PDF(Pubmed)
Abstract:
Small ubiquitin-related modifier (SUMO)-specific protease 1 (SENP1) is a cysteine protease that catalyzes the cleavage of the C-terminus of SUMO1 for the processing of SUMO precursors and deSUMOylation of target proteins. SENP1 is considered to be a promising target for the treatment of hepatocellular carcinoma (HCC) and prostate cancer. SENP1 Gln597 is located at the unstructured loop connecting the helices α4 to α5. The Q597A mutation of SENP1 allosterically disrupts the hydrolytic reaction of SUMO1 through an unknown mechanism. Here, extensive multiple replicates of microsecond molecular dynamics (MD) simulations, coupled with principal component analysis, dynamic cross-correlation analysis, community network analysis, and binding free energy calculations, were performed to elucidate the detailed mechanism. Our MD simulations showed that the Q597A mutation induced marked dynamic conformational changes in SENP1, especially in the unstructured loop connecting the helices α4 to α5 which the mutation site occupies. Moreover, the Q597A mutation caused conformational changes to catalytic Cys603 and His533 at the active site, which might impair the catalytic activity of SENP1 in processing SUMO1. Moreover, binding free energy calculations revealed that the Q597A mutation had a minor effect on the binding affinity of SUMO1 to SENP1. Together, these results may broaden our understanding of the allosteric modulation of the SENP1-SUMO1 complex.
摘要:
小泛素相关修饰剂(SUMO)特异性蛋白酶1(SENP1)是一种半胱氨酸蛋白酶,可催化SUMO1C末端的裂解,用于加工SUMO前体和靶蛋白的去SUMO化。
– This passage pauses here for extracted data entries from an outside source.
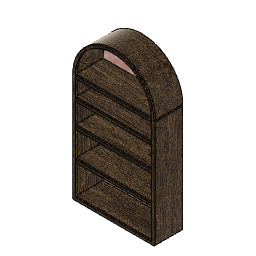
model (Autodesk Fusion 360 design; units mm, degrees)
Autodesk Fusion 360 part; units mm, degrees
sketch "front" plane through (0, 0, 0) normal (0, 1, 0) x (1, 0, 0) in component "bookshelf"
  line L0 (0, 0) -> (0, -1200)
  arc A0 (0, -1200) -> (900, -1200) centre (450, -1200) ccw
  line L1 (900, -1200) -> (900, 0)
  line L2 (900, 0) -> (0, 0)
  line L3 (450, -1200) -> (450, -1650) construction
  line L4 (18, -18) -> (18, -1200)
  arc A1 (18, -1200) -> (882, -1200) centre (450, -1200) ccw
  line L5 (882, -1200) -> (882, -18)
  line L6 (882, -18) -> (18, -18)
  line L7 (882, -18) -> (882, 0)
  line L8 (18, -18) -> (18, 0)
  line L9 (18, -1200) -> (882, -1199.9999)
  line L10 (882, -1199.9999) -> (882, -1181.9999)
  line L11 (882, -1181.9999) -> (18, -1181.9999)
  line L12 (18, -1181.9999) -> (18, -1200)
  line L13 (18, -981.9999) -> (882, -981.9999)
  line L14 (882, -981.9999) -> (882, -963.9999)
  line L15 (882, -963.9999) -> (18, -963.9999)
  line L16 (18, -963.9999) -> (18, -981.9999)
  line L17 (18, -713.9999) -> (882, -713.9999)
  line L18 (882, -713.9999) -> (882, -695.9999)
  line L19 (882, -695.9999) -> (18, -695.9999)
  line L20 (18, -695.9999) -> (18, -713.9999)
  line L21 (18, -30) -> (882, -30)
  line L22 (882, -30) -> (882, -12)
  line L23 (882, -12) -> (18, -12)
  line L24 (18, -12) -> (18, -30)
  line L25 (450, -1181.9999) -> (450, -981.9999) construction
  line L26 (450, -963.9999) -> (450, -713.9999) construction
  line L27 (450, -377.9999) -> (450, -30) construction
  line L28 (18, -395.9999) -> (882, -395.9999)
  line L29 (882, -395.9999) -> (882, -377.9999)
  line L30 (882, -377.9999) -> (18, -377.9999)
  line L31 (18, -377.9999) -> (18, -395.9999)
  line L32 (450, -395.9999) -> (450, -695.9999) construction
  dimension "d4" = 900
  dimension "d5" = 1650
  dimension "d8" = 18
  dimension "d27" = 30
  dimension "d28" = 200
  dimension "d29" = 250
  dimension "d30" = 300
  dimension "d31" = 347.9999
  dimension "d35" = 1181.9999
  constraint coincident L0.start L2.end
  constraint vertical L0
  constraint tangent L0 A0
  constraint parallel L0 L1
  constraint perpendicular L0 L2
  constraint tangent A0 L1
  constraint coincident A0.centre L3.start
  constraint midpoint A0 L3.end
  constraint coincident L2 L7.end
  constraint perpendicular L2 L7
  constraint coincident L2 L8.end
  constraint perpendicular L2 L8
  constraint horizontal L9
  constraint vertical L10
  constraint horizontal L11
  constraint vertical L12
  constraint coincident L5 L10.end
  constraint horizontal L13
  constraint vertical L14
  constraint horizontal L15
  constraint vertical L16
  constraint coincident L5 L14.end
  constraint coincident L4 L13.start
  constraint horizontal L17
  constraint vertical L18
  constraint horizontal L19
  constraint vertical L20
  constraint coincident L5 L18.end
  constraint coincident L4 L17.start
  constraint horizontal L21
  constraint vertical L22
  constraint horizontal L23
  constraint vertical L24
  constraint coincident L5 L22.end
  constraint coincident L4 L21.start
  constraint equal L10 L14
  constraint equal L14 L18
  constraint equal L18 L22
  constraint midpoint L11 L25.start
  constraint midpoint L13 L25.end
  constraint midpoint L15 L26.start
  constraint midpoint L17 L26.end
  constraint midpoint L21 L27.end
  constraint horizontal L28
  constraint vertical L29
  constraint horizontal L30
  constraint vertical L31
  constraint coincident L5 L29.end
  constraint coincident L4 L28.start
  constraint equal L18 L29
  constraint midpoint L27.start L30
  constraint midpoint L28 L32.start
  constraint midpoint L19 L32.end
  measures "d4" distance of L1.end L0.start
  measures "d5" distance of L2 L3.end
  measures "d8" distance of L21.end L22.end
  measures "d27" distance of L2 L21
  measures "d28" distance of L25.start L25.end
  measures "d29" distance of L26.start L26.end
  measures "d30" distance of L32.start L32.end
  measures "d31" distance of L27.start L27.end
  measures "d35" distance of L0.start L11
extrude "Extrude1" add sketch "front" against normal blind 300 contours L0 A0 L1 L2 L4 A1 L5 L7 L8 L10 L12 L14 L16 L18 L20 L22 L24 L29 L31 makes body 1 in component "bookshelf"
extrude "Extrude2" add sketch "front" against normal up to surface (300 mm away) separate body contours L6 L7 L8 L22 L23 L24 | L4 L5 L6 L21 L22 L24 | L4 L5 L28 L29 L30 L31 | L4 L5 L17 L18 L19 L20 | L4 L5 L13 L14 L15 L16 | L4 L5 L9 L10 L11 L12 makes body 2 at (594, -200, 963.9999) makes body 3 at (594, -200, 695.9999) makes body 4 at (594, -200, 1181.9999) makes body 5 at (594, -200, 12) makes body 6 at (594, -200, 377.9999) in component "bookshelf"
ref_plane "WorkPlane1" through (450, -150, 1181.9999) normal (0, 0, -1) x (1, 0, 0) in component "bookshelf"
split "Split1" by plane through (450, -150, 1181.9999) normal (0, 0, -1) bodies 1 makes body 7 at (0, -100, 394) makes body 8 at (900, -100, 788) in component "bookshelf"
extrude "Extrude4" add sketch "front" along normal blind 6 separate body contours L4 L5 L21 L30 | L4 L5 L28 L29 L30 L31 | L4 L5 L19 L28 | L4 L5 L17 L18 L19 L20 | L4 L5 L15 L17 | L4 L5 L13 L14 L15 L16 | L4 L5 L11 L13 | L4 L5 L9 L10 L11 L12 | A1 L9 makes body 9 in component "bookshelf"
sketch "edge" plane through (0, -300, 0) normal (0, -1, 0) x (1, 0, 0) in component "bookshelf"
  line L0 (18, 1181.9999) -> (0, 1181.9999)
  line L1 (0, 1181.9999) -> (0, 0)
  line L2 (0, 0) -> (18, 0)
  line L3 (18, 0) -> (18, 1181.9999)
  arc A0 (900, 1200) -> (0, 1200) centre (450, 1200) ccw
  line L4 (0, 0) -> (0, 1200)
  line L5 (900, 1200) -> (900, 0)
  line L6 (900, 0) -> (0, 0)
  line L7 (870, 30) -> (30, 30)
  line L8 (30, 30) -> (30, 1200)
  arc A1 (870, 1200) -> (30, 1200) centre (450, 1200) ccw
  line L9 (870, 1200) -> (870, 30)
  line L10 (18, 1200) -> (882, 1199.9999)
  line L11 (18, 981.9999) -> (882, 981.9999)
  line L12 (18, 713.9999) -> (882, 713.9999)
  line L13 (18, 395.9999) -> (882, 395.9999)
  line L14 (30, 1200) -> (870, 1200)
  line L15 (870, 1200) -> (870, 1170)
  line L16 (870, 1170) -> (30, 1170)
  line L17 (30, 1170) -> (30, 1200)
  line L18 (30, 981.9999) -> (870, 981.9999)
  line L19 (870, 981.9999) -> (870, 951.9999)
  line L20 (870, 951.9999) -> (30, 951.9999)
  line L21 (30, 951.9999) -> (30, 981.9999)
  line L22 (30, 713.9999) -> (870, 713.9999)
  line L23 (870, 713.9999) -> (870, 683.9999)
  line L24 (870, 683.9999) -> (30, 683.9999)
  line L25 (30, 683.9999) -> (30, 713.9999)
  line L26 (30, 395.9999) -> (870, 395.9999)
  line L27 (870, 395.9999) -> (870, 365.9999)
  line L28 (870, 365.9999) -> (30, 365.9999)
  line L29 (30, 365.9999) -> (30, 395.9999)
  dimension "d24" = 30
  dimension "d32" = 30
  constraint horizontal L14
  constraint vertical L15
  constraint horizontal L16
  constraint vertical L17
  constraint coincident L9 L15.end
  constraint horizontal L18
  constraint vertical L19
  constraint horizontal L20
  constraint vertical L21
  constraint coincident L9 L19.end
  constraint coincident L11 L18.start
  constraint coincident L8 L18.start
  constraint horizontal L22
  constraint vertical L23
  constraint horizontal L24
  constraint vertical L25
  constraint coincident L9 L23.end
  constraint coincident L12 L22.start
  constraint coincident L8 L22.start
  constraint horizontal L26
  constraint vertical L27
  constraint horizontal L28
  constraint vertical L29
  constraint coincident L9 L27.end
  constraint coincident L13 L26.start
  constraint coincident L8 L26.start
  constraint equal L15 L19
  constraint equal L19 L23
  constraint equal L23 L27
  measures "d32" distance of L26.end L27.end
extrude "Extrude5" add sketch "edge" along normal blind 18 separate body contours L0 L1 L2 L3 L4 L6 | L0 L3 A0 L4 L5 L6 L7 L8 A1 L9 L11 L13 L15 L17 L19 L23 L27 L29 | L3 L8 L11 L12 L21 | L3 L8 L12 L13 L25 makes body 10 in component "bookshelf"
extrude "Extrude6" add sketch "edge" along normal up to surface (18 mm away) separate body contours L8 L9 L11 L18 L19 L20 L21 | L8 L9 L12 L22 L23 L24 L25 | L8 L9 L10 L14 L15 L16 L17 | L8 L9 L13 L26 L27 L28 L29 makes body 11 at (310, -300, 971.9999) makes body 12 at (310, -300, 703.9999) makes body 13 at (310, -300, 1190) makes body 14 at (310, -300, 385.9999) in component "bookshelf"
component "bookshelf" placed x (1, 0, 0) y (0, 1, 0) z (0, 0, 1) at (0, 0, 0)
equation "height = 1650 mm"
equation "depth = 300 mm"
equation "width = 900 mm"
equation "d4 = width"
equation "d5 = height"
equation "plyT = 18 mm"
equation "d7 = -plyT"
equation "d8 = plyT"
equation "d12 = -depth"
equation "edge = 30 mm"
equation "d24 = edge"
equation "d25 = plyT"
equation "d27 = edge"
equation "d29 = d28 + 50 mm"
equation "d30 = d29 + 50 mm"
equation "d32 = edge"
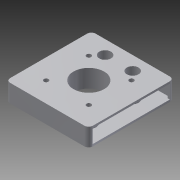
# Autodesk Inventor part: NEMA17-mount-plastic
Saved by Autodesk Inventor 2015 (Build 190159000, 159)
## iProperties
Created: 2012-03-11
Part Number: NEMA17-mount-plastic
Material: Generic
Document SubType Name: Modeling
Designer: Michael Green
Density: 1 g/cm^3
Appearance: Default
Author: Michael Green
Autodesk Inventor part; units mm, degrees
ref_plane "YZ Plane" through (0, 0, 0) normal (1, 0, 0) x (0, 1, 0)
ref_plane "XZ Plane" through (0, 0, 0) normal (0, 1, 0) x (-1, 0, 0)
ref_plane "XY Plane" through (0, 0, 0) normal (0, 0, 1) x (1, 0, 0)
sketch "base-drawing" plane through (0, 0, 0) normal (0, 0, 1) x (1, 0, 0)
  circle A0 centre (30, 30.15) radius 11.1
  circle A1 centre (20, 52) radius 2.65
  circle A2 centre (40, 52) radius 2.65
  line L0 (0, 0) -> (60, 0)
  line L1 (60, 0) -> (60, 62)
  line L2 (0, 62) -> (0, 0)
  line L3 (0, 62) -> (60, 62)
  circle A3 centre (45.5, 14.65) radius 1.7
  circle A4 centre (45.5, 45.65) radius 1.7
  circle A5 centre (14.5, 45.65) radius 1.7
  circle A6 centre (14.5, 14.65) radius 1.7
  dimension "d17" = 22.2
  dimension "d82" = 3.4
  dimension "d83" = 15.5
  dimension "d84" = 15.5
  dimension "d85" = 5.3
  dimension "d88" = 360
  dimension "d110" = 62
  dimension "d111" = 60
  constraints: 8 end point, 7 centre point, 2 perpendicular, 1 equal radius, 1 horizontal, 1 parallel, 9 other
  measures "d17" diameter of A0
  measures "d82" diameter of A3
  measures "d83" horizontal distance of A3.centre A0.centre
  measures "d84" horizontal distance of A0.centre A3.centre
  measures "d85" diameter of A2
  measures "d110" distance between parallel lines of L0 L3
  measures "d111" distance between parallel lines of L1 L2
extrude "Extrusion3" add sketch "base-drawing" along normal blind 13
sketch "Sketch10" plane through (0, 0, 13) normal (0, 0, 1) x (1, 0, 0)
  circle A0 centre (40, 52) radius 2.65 projected
  circle A1 centre (20, 52) radius 2.65 projected
  constraints: 2 coincident
hole "Hole7" at (20, 52, 13) at (40, 52, 13) direction (0, 0, -1) diameter 8.55 depth 8
sketch "Sketch12" plane through (0, 0, 0) normal (0, 0, -1) x (-1, 0, 0)
  circle A0 centre (-14.5, 14.65) radius 1.7 projected
  circle A1 centre (-14.5, 45.65) radius 1.7 projected
  circle A2 centre (-45.5, 45.65) radius 1.7 projected
  circle A3 centre (-45.5, 14.65) radius 1.7 projected
  constraints: 4 coincident
hole "Hole8" at (45.5, 45.65, 0) at (14.5, 45.65, 0) at (14.5, 14.65, 0) at (45.5, 14.65, 0) direction (0, 0, 1) diameter 7.3 depth 6.4
fillet "Fillet3" radius 3 4 edges at (60, 62, 6.5) (0, 62, 6.5) (0, 0, 6.5) (60, 0, 6.5)
shell "Shell5" thickness 1.5 removed faces 2 at (60, 21.6667, 4.3333) at (0, 40.3333, 4.3333)
body "Solid3"

SENP1被认为是治疗肝细胞癌(HCC)和前列腺癌的有希望的靶标。SENP1Gln597位于连接螺旋α4至α5的非结构化环路处。SENP1的Q597A突变通过未知的机制以变构方式破坏SUMO1的水解反应。这里,微秒分子动力学(MD)模拟的大量重复,结合主成分分析,动态互相关分析,社区网络分析,和结合自由能计算,进行以阐明详细的机制。我们的MD模拟表明,Q597A突变在SENP1中引起了明显的动态构象变化,尤其是在连接突变位点所占据的螺旋α4至α5的非结构化环中。此外,Q597A突变引起活性位点催化Cys603和His533的构象变化,这可能会损害SENP1在加工SUMO1中的催化活性。此外,结合自由能计算显示,Q597A突变对SUMO1与SENP1的结合亲和力影响较小.一起,这些结果可能会拓宽我们对SENP1-SUMO1复合物的变构调制的理解.